Ao olhar para o bem realizado, como não vos pedir que continueis a ser mestres de oração e especiais testemunhas de Cristo crucificado, haurindo do mistério da Cruz a força para cultivar com generosidade a paixão pela vida, sobretudo através do diálogo e da partilha nas vossas Comunidades? Como não recordar que essa missão exige coragem e alegria em enfrentar o peso dos problemas da vida religiosa em qualquer momento histórico particular? Para o fiel, o momento vivido reveste sempre as características de um "caminho de êxodo", no qual "está inevitavelmente incluído o que pertence ao mysterium Crucis" (Vita consecrata, 40).

O Crucificado amou-nos "até ao fim" (Jo 13, 1), para além da medida e das possibilidades humanas do amor. Eis a fonte na qual o Passionista, de modo muito particular, deve haurir a própria espiritualidade:  amar lá onde é mais difícil; amar onde há mais necessidade de amor. A sociedade hodierna oferece espaços  infinitos  para  este  apostolado especial.

Nesse contexto se coloca também a pregação das Missões ao povo, apostolado tradicional da vossa Congregação desde os tempos do Fundador. Através deste singular método apostólico, vós podeis divulgar a devoção à Paixão de Cristo entre o povo e em todos os ambientes. Certamente, às vezes será necessário pensar em novos métodos pastorais segundo as diversas culturas e tradições, mas o vosso primeiro cuidado seja sempre o anúncio de Cristo, que da Cruz renova ao homem de todos os tempos o seu convite a segui-l'O com fiel e dócil abandono. A exemplo de São Paulo da Cruz, o Passionista sinta como seu dever especial oferecer ao povo cristão esta excepcional ocasião de evangelização e de conversão. As Missões populares, entre outras coisas, demonstram-se mais oportunas do que nunca também no contexto deste Ano jubilar. E para além deste empenho, nunca deixeis, antes intensificai, os Exercícios espirituais ao Clero e ao povo, educando-os a cultivarem o espírito de recolhimento e de oração. Toda a vossa casa religiosa, à qual desde o início foi dado o significativo nome de "retiro", seja lugar de contemplação e de silêncio para favorecer o encontro com Cristo, nosso divino Redentor.

5. No programa dos trabalhos capitulares reservastes um particular espaço à reflexão sobre a partilha do carisma passionista com os leigos. Trata-se de "um dos frutos da doutrina da Igreja como comunhão", maturado em tempos recentes, que constitui "um novo capítulo, rico de esperanças, na história das relações entre as pessoas consagradas e o laicado" (Vita consecrata, 54). Ele representa um sinal de crescimento da vitalidade eclesial, que urge colher e desenvolver.
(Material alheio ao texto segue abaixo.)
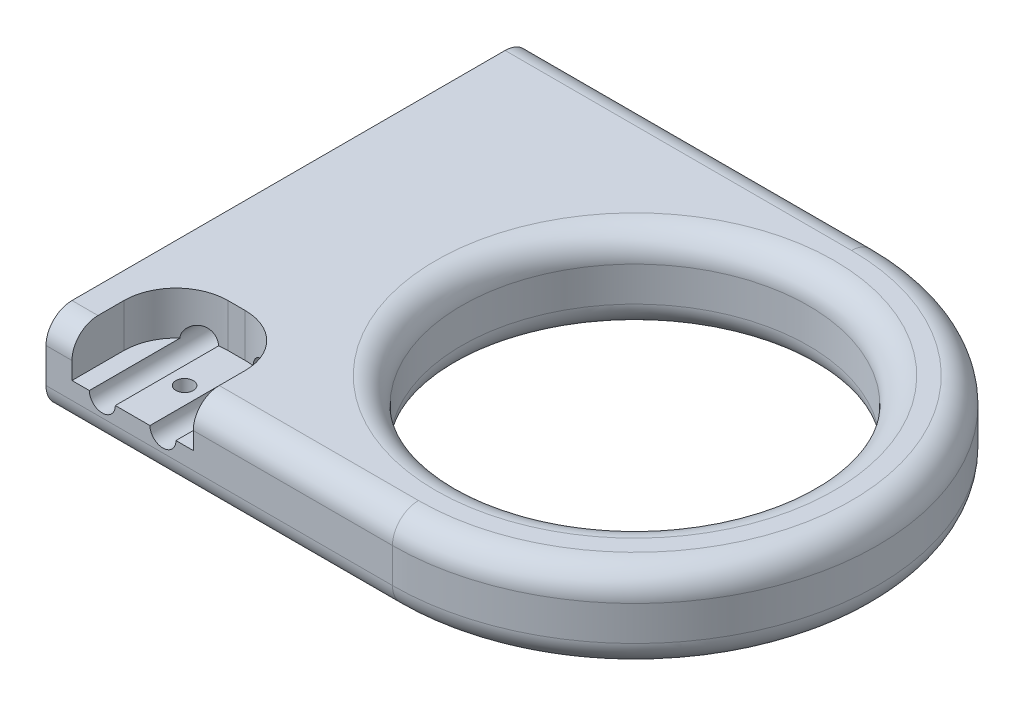
SolidWorks part; units mm, degrees
ref_plane "Front" through (0, 0, 0) normal (0, 0, 1) x (1, 0, 0)
ref_plane "Top" through (0, 0, 0) normal (0, 1, 0) x (1, 0, 0)
ref_plane "Right" through (0, 0, 0) normal (1, 0, 0) x (0, 0, -1)
other "Configuration Table"
sketch "Sketch1" plane through (0, 0, 0) normal (0, 1, 0) x (1, 0, 0)
  line L0 (0, -14) -> (-20, -14)
  line L1 (-20, -14) -> (-20, 14)
  line L2 (-20, 14) -> (0, 14)
  circle A0 centre (0, 0) radius 10
  arc A1 (0, -14) -> (0, 14) centre (0, 0) ccw
  point P3 (0, 0)
  dimension "D1" = 20
  dimension "D2" = 4
  dimension "D3" = 10
extrude "Boss-Extrude1" add sketch "Sketch1" along normal mid plane 5
ref_plane "Plane2" through (-10, 0, 0) normal (1, 0, 0) x (0, 0, -1)
sketch "Sketch3" plane through (0, 0, 14) normal (0, 0, 1) x (1, 0, 0)
  line L0 (-20, 2.5) -> (-20, -2.5) construction
  line L3 (-15, 5.1251) -> (-15, -10.2187) construction
  line L4 (-10, -2.75) -> (-10, 2.75) construction
  line L5 (-20, 2.5) -> (0, 2.5) construction
  line L6 (-18.5, 2.5) -> (-11.5, 2.5)
  line L7 (-18.5, 2.5) -> (-18.5, 0)
  line L8 (-18.5, 0) -> (-11.5, 0)
  line L9 (-11.5, 2.5) -> (-11.5, 0)
  circle A0 centre (-16.75, 0) radius 0.75
  circle A1 centre (-13.25, 0) radius 0.75
  point P13 (0, 0)
  line M6 (0, 2.5) -> (-20, 2.5)
  dimension "D2" = 1.5
  dimension "D1" = 1.5
  dimension "2" = 2
extrude "Cut-Extrude2" cut sketch "Sketch3" against normal through all contours L8 A0 | L8 A0 | L8 A1 | L8 A1 region at (-16.75, 0.3183, 14) region at (-16.75, -0.3183, 14) region at (-13.25, -0.3183, 14) region at (-13.25, 0.3183, 14)
extrude "Cut-Extrude3" cut sketch "Sketch3<3>" against normal blind 6 contours L3 L6 L7 L8 A0 | L3 L8 A1 L9 M6 region at (-13.25, 1.3546, 14) region at (-16.75, 1.3546, 14)
sketch "Sketch3<3>" plane through (0, 0, 14) normal (0, 0, 1) x (1, 0, 0) same geometry as "Sketch3"
sketch "Sketch7" plane through (0, 0, 0) normal (0, 1, 0) x (1, 0, 0)
  line L0 (-20.7943, -11) -> (-8.2045, -11) construction
  line L1 (-15, -5.5278) -> (-15, -15.3932) construction
  line L2 (-16, -8) -> (-16, -14) construction
  line L3 (-14, -8) -> (-14, -14) construction
  line L4 (-11.5, -8) -> (-18.5, -8) construction
  line L5 (-16, -14) -> (-14, -14) construction
  circle A0 centre (-15, -11) radius 0.5
  point P6 (0, 0)
  dimension "D1" = 1
extrude "Cut-Extrude5" cut sketch "Sketch7" against normal through all
fillet "Fillet1" radius 1.5 9 edges at (-10, -2.5, 14) (-10, -2.5, -14) (-5.75, 2.5, 14) (-10, 2.5, -14) (14, -2.5, 0) (14, 2.5, 0) (0, -2.5, 10) (0, 2.5, 10) (-19.25, 2.5, 14)
fillet "Fillet2" radius 3 2 edges at (-11.5, 1.25, 8) (-18.5, 1.25, 8)
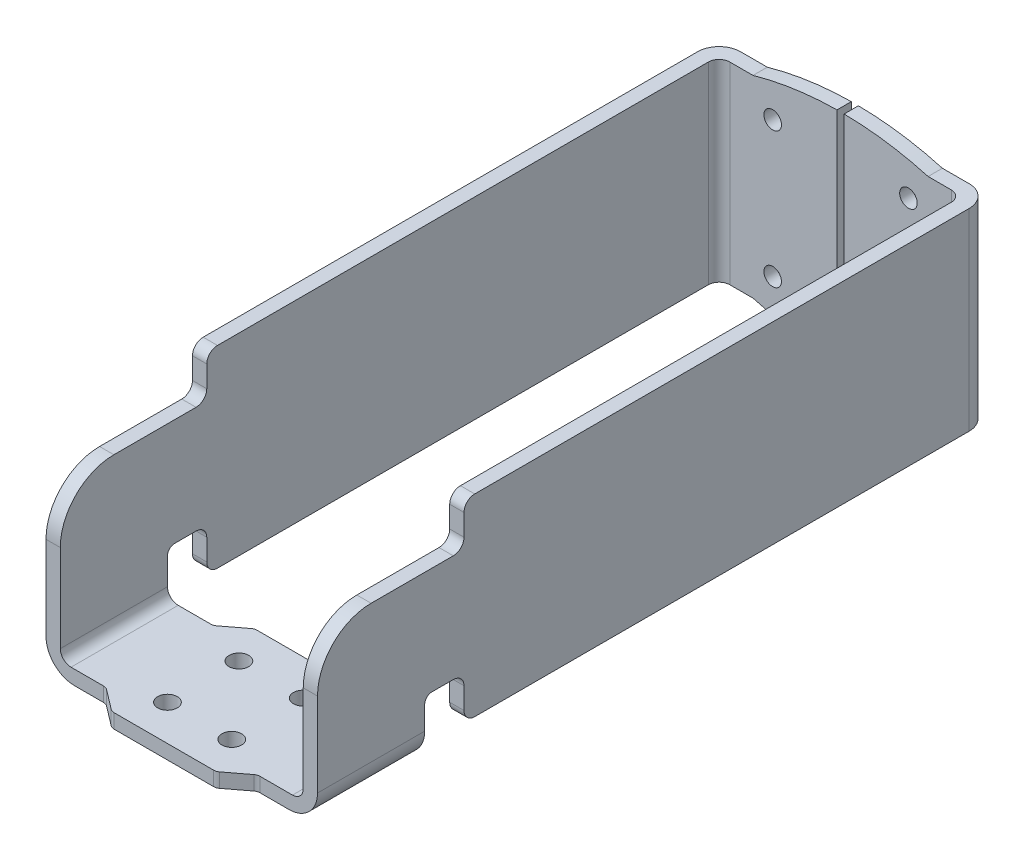
SolidWorks part; units mm, degrees
material "1.0037 (S235JR)"
ref_plane "Front Plane" through (0, 0, 0) normal (0, 0, 1) x (1, 0, 0)
ref_plane "Top Plane" through (0, 0, 0) normal (0, 1, 0) x (1, 0, 0)
ref_plane "Right Plane" through (0, 0, 0) normal (1, 0, 0) x (0, 0, -1)
ref_plane "Plane1" through (0, 0, -193.4) normal (0, 0, 1) x (1, 0, 0)
sketch "Sketch1" plane through (0, 0, -193.4) normal (0, 0, 1) x (1, 0, 0)
  line L0 (-38, 58.5) -> (-38, 4.5)
  line L1 (-38, 4.5) -> (-24.5039, 4.5)
  line L2 (24.5039, 4.5) -> (38, 4.5)
  line L3 (38, 4.5) -> (38, 58.5)
  line L4 (38, 58.5) -> (24.5039, 58.5)
  line L5 (-24.5039, 58.5) -> (-38, 58.5)
  arc A0 (-24.5039, 4.5) -> (24.5039, 4.5) centre (0, 91.1) ccw
  arc A1 (24.5039, 58.5) -> (-24.5039, 58.5) centre (0, -28.1) ccw
extrude "Boss-Extrude1" add sketch "Sketch1" along normal blind 193.4
sketch "Sketch2" plane through (0, 0, 0) normal (1, 0, 0) x (0, 0, -1)
  line L0 (0, -5) -> (189.4, -5)
  line L1 (189.4, -5) -> (189.4, 4.5)
  line L2 (189.4, 4.5) -> (49, 4.5)
  line L3 (46, 7.5) -> (46, 13.5)
  line L4 (43, 16.5) -> (37, 16.5)
  line L5 (35, 14.5) -> (35, 0)
  line L6 (35, 0) -> (5, 0)
  line L7 (5, 0) -> (5, 31.5)
  line L8 (20, 46.5) -> (43, 46.5)
  line L9 (46, 49.5) -> (46, 55.5)
  line L10 (49, 58.5) -> (189.4, 58.5)
  line L11 (189.4, 58.5) -> (189.4, 63.5)
  line L12 (189.4, 63.5) -> (0, 63.5)
  line L13 (0, 63.5) -> (0, -5)
  arc A0 (49, 4.5) -> (46, 7.5) centre (49, 7.5) cw
  arc A1 (46, 13.5) -> (43, 16.5) centre (43, 13.5) ccw
  arc A2 (37, 16.5) -> (35, 14.5) centre (37, 14.5) ccw
  arc A3 (5, 31.5) -> (20, 46.5) centre (20, 31.5) cw
  arc A4 (43, 46.5) -> (46, 49.5) centre (43, 49.5) ccw
  arc A5 (46, 55.5) -> (49, 58.5) centre (49, 55.5) cw
extrude "Cut-Extrude1" cut sketch "Sketch2" along normal blind 38 and the other way blind 38
sketch "Sketch3" plane through (0, 0, 0) normal (0, 1, 0) x (1, 0, 0)
  line L0 (-38, 5) -> (-21.865, 5)
  line L1 (-20.6546, 4.5922) -> (-15.1504, 0.4078)
  line L2 (-13.94, 0) -> (13.94, 0)
  line L3 (15.1504, 0.4078) -> (20.6546, 4.5922)
  line L4 (21.865, 5) -> (38, 5)
  line L5 (38, 5) -> (38, 35)
  line L6 (38, 35) -> (21.865, 35)
  line L7 (20.6546, 35.4078) -> (15.1504, 39.5922)
  line L8 (13.94, 40) -> (-13.94, 40)
  line L9 (-15.1504, 39.5922) -> (-20.6546, 35.4078)
  line L10 (-21.865, 35) -> (-38, 35)
  line L11 (-38, 35) -> (-38, 5)
  arc A0 (-21.865, 5) -> (-20.6546, 4.5922) centre (-21.865, 3) cw
  arc A1 (-15.1504, 0.4078) -> (-13.94, 0) centre (-13.94, 2) ccw
  arc A2 (13.94, 0) -> (15.1504, 0.4078) centre (13.94, 2) ccw
  arc A3 (20.6546, 4.5922) -> (21.865, 5) centre (21.865, 3) cw
  arc A4 (21.865, 35) -> (20.6546, 35.4078) centre (21.865, 37) cw
  arc A5 (15.1504, 39.5922) -> (13.94, 40) centre (13.94, 38) ccw
  arc A6 (-13.94, 40) -> (-15.1504, 39.5922) centre (-13.94, 38) ccw
  arc A7 (-20.6546, 35.4078) -> (-21.865, 35) centre (-21.865, 37) cw
extrude "Boss-Extrude2" add sketch "Sketch3" along normal blind 4.5
sketch "Sketch4" plane through (0, 0, 0) normal (0, 0, 1) x (1, 0, 0)
  line L0 (-38, -5) -> (38, -5)
  line L1 (38, -5) -> (38, 8)
  line L2 (30, 0) -> (-30, 0)
  line L3 (-38, 8) -> (-38, -5)
  arc A0 (38, 8) -> (30, 0) centre (30, 8) cw
  arc A1 (-30, 0) -> (-38, 8) centre (-30, 8) cw
extrude "Cut-Extrude2" cut sketch "Sketch4" against normal blind 40
sketch "Sketch5" plane through (0, 0, 0) normal (0, 0, 1) x (1, 0, 0)
  line L0 (-31, 4) -> (31, 4)
  line L1 (34, 7) -> (34, 62)
  line L2 (34, 62) -> (-34, 62)
  line L3 (-34, 62) -> (-34, 7)
  arc A0 (-34, 7) -> (-31, 4) centre (-31, 7) ccw
  arc A1 (31, 4) -> (34, 7) centre (31, 7) ccw
extrude "Cut-Extrude3" cut sketch "Sketch5" against normal blind 42
sketch "Sketch6" plane through (0, 0, 0) normal (0, 1, 0) x (1, 0, 0)
  line L0 (-34, 186.4) -> (-34, 41)
  line L1 (-34, 41) -> (34, 41)
  line L2 (34, 41) -> (34, 186.4)
  line L3 (31, 189.4) -> (-31, 189.4)
  arc A0 (34, 186.4) -> (31, 189.4) centre (31, 186.4) ccw
  arc A1 (-31, 189.4) -> (-34, 186.4) centre (-31, 186.4) ccw
extrude "Cut-Extrude4" cut sketch "Sketch6" along normal blind 81.5
sketch "Sketch7" plane through (0, 0, 0) normal (0, 1, 0) x (1, 0, 0)
  line L0 (-32, 193.4) -> (32, 193.4)
  line L1 (38, 187.4) -> (38, 198.4)
  line L2 (38, 198.4) -> (-38, 198.4)
  line L3 (-38, 198.4) -> (-38, 187.4)
  arc A0 (-38, 187.4) -> (-32, 193.4) centre (-32, 187.4) cw
  arc A1 (32, 193.4) -> (38, 187.4) centre (32, 187.4) cw
extrude "Cut-Extrude5" cut sketch "Sketch7" along normal blind 81.5
sketch "Sketch8" plane through (0, 0, -193.4) normal (0, 0, 1) x (1, 0, 0)
  line L0 (-1, 0) -> (1, 0)
  line L1 (1, 0) -> (1, 108)
  line L2 (1, 108) -> (-1, 108)
  line L3 (-1, 108) -> (-1, 0)
extrude "Cut-Extrude6" cut sketch "Sketch8" along normal blind 4
ref_plane "Plane2" through (9, 0, 0) normal (1, 0, 0) x (0, 0, -1)
sketch "Sketch9" plane through (9, 0, 0) normal (1, 0, 0) x (0, 0, -1)
  line L0 (10, 4) -> (12.75, 4)
  line L1 (12.75, 4) -> (12.75, 0)
  line L2 (12.75, 0) -> (10, 0)
  line L3 (10, 0) -> (10, 4)
  line L4 (10, 0) -> (10, 4) construction
revolve "Cut-Revolve1" cut sketch "Sketch9" angle 360 about L4 reverse direction yes
sketch "Sketch10" plane through (0, 0, 0) normal (0, 1, 0) x (1, 0, 0)
  line L0 (9, 10) -> (9, 30)
  line L1 (9, 10) -> (-9, 10)
pattern_linear "LPattern1" count 2 spacing 20 along (0, 0, -1) count 2 spacing 18 along (-1, 0, 0) of "Cut-Revolve1"
ref_plane "Plane3" through (19, 0, 0) normal (1, 0, 0) x (0, 0, -1)
sketch "Sketch11" plane through (19, 0, 0) normal (1, 0, 0) x (0, 0, -1)
  line L0 (189.4, 12.5) -> (189.4, 14.9585)
  line L1 (189.4, 14.9585) -> (192.8585, 14.9585)
  line L2 (192.8585, 14.9585) -> (193.4, 15.5)
  line L3 (193.4, 15.5) -> (193.4, 12.5)
  line L4 (193.4, 12.5) -> (189.4, 12.5)
  line L5 (193.4, 12.5) -> (189.4, 12.5) construction
revolve "Cut-Revolve2" cut sketch "Sketch11" angle 360 about L5 reverse direction yes
cosmetic thread "Cosmetic Thread1" parameters "D1"=4, "D2"=6
sketch "Sketch12" plane through (0, 0, -193.4) normal (0, 0, 1) x (1, 0, 0)
  line L0 (19, 12.5) -> (19, 50.5)
  line L1 (19, 12.5) -> (-19, 12.5)
pattern_linear "LPattern2" count 2 spacing 38 along (0, 1, 0) count 2 spacing 38 along (-1, 0, 0) of "Cut-Revolve2"
cosmetic thread "Cosmetic Thread2" parameters "D1"=4, "D2"=6
cosmetic thread "Cosmetic Thread3" parameters "D1"=4, "D2"=6
cosmetic thread "Cosmetic Thread4" parameters "D1"=4, "D2"=6
ref_plane "Plane4" through (0, 5.8, 0) normal (0, 1, 0) x (1, 0, 0)
ref_plane "ANBAU XY" through (0, 0, -193.4) normal (0, 0, 1) x (1, 0, 0)
ref_plane "ANBAU XZ" through (0, 0, 0) normal (0, -1, 0) x (-1, 0, 0)
ref_plane "ANBAU YZ" through (0, 0, 0) normal (1, 0, 0) x (0, 0, -1)
ref_axis "ANBAU X" through (-80.9, 0, -193.4) along (1, 0, 0)
ref_axis "ANBAU Y" through (0, -50, -193.4) along (0, 1, 0)
ref_axis "ANBAU Z" through (0, 0, 80.9) along (0, 0, -1)
sketch3d "ANBAU"
  point P0 (0, 0, -193.4)
ref_plane "IP1 1 XY" through (0, 0, 0) normal (0, 1, 0) x (1, 0, 0)
ref_plane "IP1 1 XZ" through (0, 0, -10) normal (0, 0, 1) x (1, 0, 0)
ref_plane "IP1 1 YZ" through (9, 0, 0) normal (1, 0, 0) x (0, 0, -1)
ref_axis "IP1 1 X" through (-80.9, 0, -10) along (1, 0, 0)
ref_axis "IP1 1 Y" through (9, 0, 50) along (0, 0, -1)
ref_axis "IP1 1 Z" through (9, 50, -10) along (0, -1, 0)
sketch3d "IP1 1"
  point P0 (9, 0, -10)
ref_plane "IP1 2 XY" through (0, 0, 0) normal (0, 1, 0) x (1, 0, 0)
ref_plane "IP1 2 XZ" through (0, 0, -10) normal (0, 0, 1) x (1, 0, 0)
ref_plane "IP1 2 YZ" through (-9, 0, 0) normal (1, 0, 0) x (0, 0, -1)
ref_axis "IP1 2 X" through (-80.9, 0, -10) along (1, 0, 0)
ref_axis "IP1 2 Y" through (-9, 0, 50) along (0, 0, -1)
ref_axis "IP1 2 Z" through (-9, 50, -10) along (0, -1, 0)
sketch3d "IP1 2"
  point P0 (-9, 0, -10)
ref_plane "IP1 3 XY" through (0, 0, 0) normal (0, 1, 0) x (1, 0, 0)
ref_plane "IP1 3 XZ" through (0, 0, -30) normal (0, 0, 1) x (1, 0, 0)
ref_plane "IP1 3 YZ" through (9, 0, 0) normal (1, 0, 0) x (0, 0, -1)
ref_axis "IP1 3 X" through (-80.9, 0, -30) along (1, 0, 0)
ref_axis "IP1 3 Y" through (9, 0, 50) along (0, 0, -1)
ref_axis "IP1 3 Z" through (9, 50, -30) along (0, -1, 0)
sketch3d "IP1 3"
  point P0 (9, 0, -30)
ref_plane "IP1 4 XY" through (0, 0, 0) normal (0, 1, 0) x (1, 0, 0)
ref_plane "IP1 4 XZ" through (0, 0, -30) normal (0, 0, 1) x (1, 0, 0)
ref_plane "IP1 4 YZ" through (-9, 0, 0) normal (1, 0, 0) x (0, 0, -1)
ref_axis "IP1 4 X" through (-80.9, 0, -30) along (1, 0, 0)
ref_axis "IP1 4 Y" through (-9, 0, 50) along (0, 0, -1)
ref_axis "IP1 4 Z" through (-9, 50, -30) along (0, -1, 0)
sketch3d "IP1 4"
  point P0 (-9, 0, -30)
ref_plane "IP2 1 XY" through (0, 0, -193.4) normal (0, 0, 1) x (1, 0, 0)
ref_plane "IP2 1 XZ" through (0, 12.5, 0) normal (0, -1, 0) x (-1, 0, 0)
ref_plane "IP2 1 YZ" through (19, 0, 0) normal (1, 0, 0) x (0, 0, -1)
ref_axis "IP2 1 X" through (-80.9, 12.5, -193.4) along (1, 0, 0)
ref_axis "IP2 1 Y" through (19, -50, -193.4) along (0, 1, 0)
ref_axis "IP2 1 Z" through (19, 12.5, 80.9) along (0, 0, -1)
sketch3d "IP2 1"
  point P0 (19, 12.5, -193.4)
ref_plane "IP2 2 XY" through (0, 0, -193.4) normal (0, 0, 1) x (1, 0, 0)
ref_plane "IP2 2 XZ" through (0, 12.5, 0) normal (0, -1, 0) x (-1, 0, 0)
ref_plane "IP2 2 YZ" through (-19, 0, 0) normal (1, 0, 0) x (0, 0, -1)
ref_axis "IP2 2 X" through (-80.9, 12.5, -193.4) along (1, 0, 0)
ref_axis "IP2 2 Y" through (-19, -50, -193.4) along (0, 1, 0)
ref_axis "IP2 2 Z" through (-19, 12.5, 80.9) along (0, 0, -1)
sketch3d "IP2 2"
  point P0 (-19, 12.5, -193.4)
ref_plane "IP2 3 XY" through (0, 0, -193.4) normal (0, 0, 1) x (1, 0, 0)
ref_plane "IP2 3 XZ" through (0, 50.5, 0) normal (0, -1, 0) x (-1, 0, 0)
ref_plane "IP2 3 YZ" through (19, 0, 0) normal (1, 0, 0) x (0, 0, -1)
ref_axis "IP2 3 X" through (-80.9, 50.5, -193.4) along (1, 0, 0)
ref_axis "IP2 3 Y" through (19, -50, -193.4) along (0, 1, 0)
ref_axis "IP2 3 Z" through (19, 50.5, 80.9) along (0, 0, -1)
sketch3d "IP2 3"
  point P0 (19, 50.5, -193.4)
ref_plane "IP2 4 XY" through (0, 0, -193.4) normal (0, 0, 1) x (1, 0, 0)
ref_plane "IP2 4 XZ" through (0, 50.5, 0) normal (0, -1, 0) x (-1, 0, 0)
ref_plane "IP2 4 YZ" through (-19, 0, 0) normal (1, 0, 0) x (0, 0, -1)
ref_axis "IP2 4 X" through (-80.9, 50.5, -193.4) along (1, 0, 0)
ref_axis "IP2 4 Y" through (-19, -50, -193.4) along (0, 1, 0)
ref_axis "IP2 4 Z" through (-19, 50.5, 80.9) along (0, 0, -1)
sketch3d "IP2 4"
  point P0 (-19, 50.5, -193.4)
ref_plane "TO_NUT 1 XY" through (0, 5.8, 0) normal (0, -1, 0) x (-1, 0, 0)
ref_plane "TO_NUT 1 XZ" through (0, 0, -10) normal (0, 0, -1) x (-1, 0, 0)
ref_plane "TO_NUT 1 YZ" through (9, 0, 0) normal (1, 0, 0) x (0, 0, -1)
ref_axis "TO_NUT 1 X" through (-80.9, 5.8, -10) along (1, 0, 0)
ref_axis "TO_NUT 1 Y" through (9, 5.8, -50) along (0, 0, 1)
ref_axis "TO_NUT 1 Z" through (9, -50, -10) along (0, 1, 0)
sketch3d "TO_NUT 1"
  point P0 (9, 5.8, -10)
ref_plane "TO_NUT 2 XY" through (0, 5.8, 0) normal (0, -1, 0) x (-1, 0, 0)
ref_plane "TO_NUT 2 XZ" through (0, 0, -10) normal (0, 0, -1) x (-1, 0, 0)
ref_plane "TO_NUT 2 YZ" through (-9, 0, 0) normal (1, 0, 0) x (0, 0, -1)
ref_axis "TO_NUT 2 X" through (-80.9, 5.8, -10) along (1, 0, 0)
ref_axis "TO_NUT 2 Y" through (-9, 5.8, -50) along (0, 0, 1)
ref_axis "TO_NUT 2 Z" through (-9, -50, -10) along (0, 1, 0)
sketch3d "TO_NUT 2"
  point P0 (-9, 5.8, -10)
other "Freeze***"

De coração formulo votos por que quantos o Espírito chama a beber nestas mesmas nascentes da vossa fonte carismática, possam encontrar em vós irmãos e, sobretudo, guias capazes não só de compartilhar com eles o carisma, mas sobretudo de os formar para uma genuína espiritualidade passionista.

É de bom grado que confio os trabalhos capitulares e todos os vossos propósitos  generosos  à  Virgem  Santa,  a São Paulo da Cruz e aos numerosos Santos e Beatos que enriquecem a história  secular  do  vosso  Instituto,  para que vos ajudem a repropor hoje o carisma das origens, como eficaz fermento de fecundidade evangélica no mundo contemporâneo.

Com estes votos, enquanto asseguro a minha lembrança na oração por todos vós, pela inteira Família passionista e por quantos encontrardes no vosso quotidiano ministério apostólico, a todos concedo de coração uma especial Bênção apostólica.

Castel Gandolfo, 21 de Agosto de 2000.